## Your assignment
Lines below starting with the line with "#13995 = VECTOR" and going on through the line with "#19197 = LINE ( 'NONE', #3998, #26275 ) ;" must be output exactly; the rest of the records must be left out.
Available data section start
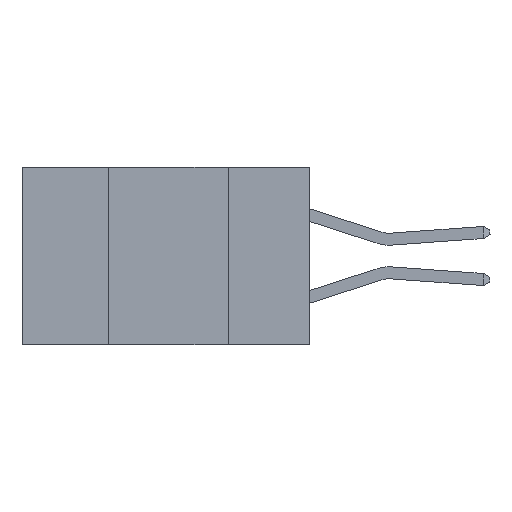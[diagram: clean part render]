
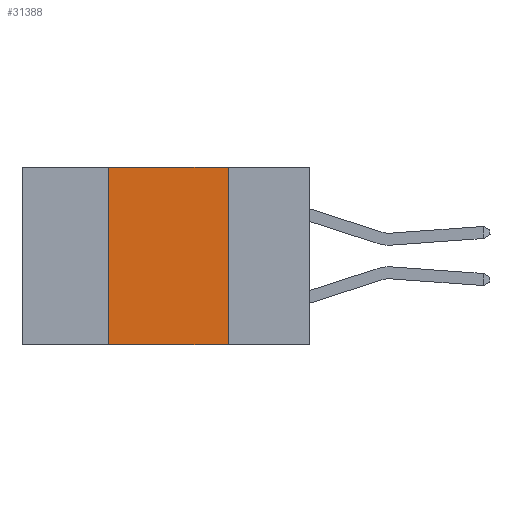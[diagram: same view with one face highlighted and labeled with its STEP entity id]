
A CAD part, left-side view. The second image highlights one B-rep face of the part: STEP entity #31388.
In plain terms, the highlighted planar face has unit normal (-1, 0, 0).
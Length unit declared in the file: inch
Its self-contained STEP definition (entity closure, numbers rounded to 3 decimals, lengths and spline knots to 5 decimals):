
#2121 = CARTESIAN_POINT ( 'NONE',  ( 0., 0.42, -0.37 ) ) ;
#3998 = CARTESIAN_POINT ( 'NONE',  ( 0., 0.17, 0. ) ) ;
#4181 = CARTESIAN_POINT ( 'NONE',  ( 0., 0.42, 0. ) ) ;
#5751 = EDGE_CURVE ( 'NONE', #21806, #20428, #8812, .T. ) ;
#6545 = LINE ( 'NONE', #32876, #19951 ) ;
#7689 = LINE ( 'NONE', #31543, #13995 ) ;
#7774 = CARTESIAN_POINT ( 'NONE',  ( 0., 0.17, -0.37 ) ) ;
#7853 = EDGE_CURVE ( 'NONE', #14551, #24379, #6545, .T. ) ;
#8812 = LINE ( 'NONE', #23522, #22979 ) ;
#9364 = CARTESIAN_POINT ( 'NONE',  ( 0., 0.6, 0. ) ) ;
#9440 = DIRECTION ( 'NONE',  ( 0., 0., -1. ) ) ;
#11577 = AXIS2_PLACEMENT_3D ( 'NONE', #9364, #28017, #12044 ) ;
#12044 = DIRECTION ( 'NONE',  ( 0., 0., -1. ) ) ;
#13117 = EDGE_CURVE ( 'NONE', #14551, #21806, #7689, .T. ) ;
#13995 = VECTOR ( 'NONE', #23572, 39.37008 ) ;
#14375 = EDGE_CURVE ( 'NONE', #20428, #24379, #19197, .T. ) ;
#14551 = VERTEX_POINT ( 'NONE', #2121 ) ;
#15079 = CARTESIAN_POINT ( 'NONE',  ( 0., 0.17, 0. ) ) ;
#16885 = DIRECTION ( 'NONE',  ( 0., -1., 0. ) ) ;
#19197 = LINE ( 'NONE', #3998, #26275 ) ;
#19951 = VECTOR ( 'NONE', #16885, 39.37008 ) ;
#19974 = PLANE ( 'NONE',  #11577 ) ;
#20428 = VERTEX_POINT ( 'NONE', #15079 ) ;
#21806 = VERTEX_POINT ( 'NONE', #4181 ) ;
#22979 = VECTOR ( 'NONE', #34155, 39.37008 ) ;
#23447 = ORIENTED_EDGE ( 'NONE', *, *, #14375, .F. ) ;
#23522 = CARTESIAN_POINT ( 'NONE',  ( 0., 0.6, 0. ) ) ;
#23572 = DIRECTION ( 'NONE',  ( 0., 0., 1. ) ) ;
#24254 = ORIENTED_EDGE ( 'NONE', *, *, #5751, .F. ) ;
#24379 = VERTEX_POINT ( 'NONE', #7774 ) ;
#24449 = ORIENTED_EDGE ( 'NONE', *, *, #13117, .F. ) ;
#25343 = ORIENTED_EDGE ( 'NONE', *, *, #7853, .T. ) ;
#26275 = VECTOR ( 'NONE', #9440, 39.37008 ) ;
#28017 = DIRECTION ( 'NONE',  ( 1., 0., 0. ) ) ;
#28856 = FACE_OUTER_BOUND ( 'NONE', #33984, .T. ) ;
#31388 = ADVANCED_FACE ( 'NONE', ( #28856 ), #19974, .F. ) ;
#31543 = CARTESIAN_POINT ( 'NONE',  ( 0., 0.42, 0. ) ) ;
#32876 = CARTESIAN_POINT ( 'NONE',  ( 0., 0.6, -0.37 ) ) ;
#33984 = EDGE_LOOP ( 'NONE', ( #23447, #24254, #24449, #25343 ) ) ;
#34155 = DIRECTION ( 'NONE',  ( 0., -1., 0. ) ) ;
Available data section end
## Expected output
#13995 = VECTOR ( 'NONE', #23572, 39.37008 ) ;
#14375 = EDGE_CURVE ( 'NONE', #20428, #24379, #19197, .T. ) ;
#14551 = VERTEX_POINT ( 'NONE', #2121 ) ;
#15079 = CARTESIAN_POINT ( 'NONE',  ( 0., 0.17, 0. ) ) ;
#16885 = DIRECTION ( 'NONE',  ( 0., -1., 0. ) ) ;
#19197 = LINE ( 'NONE', #3998, #26275 ) ;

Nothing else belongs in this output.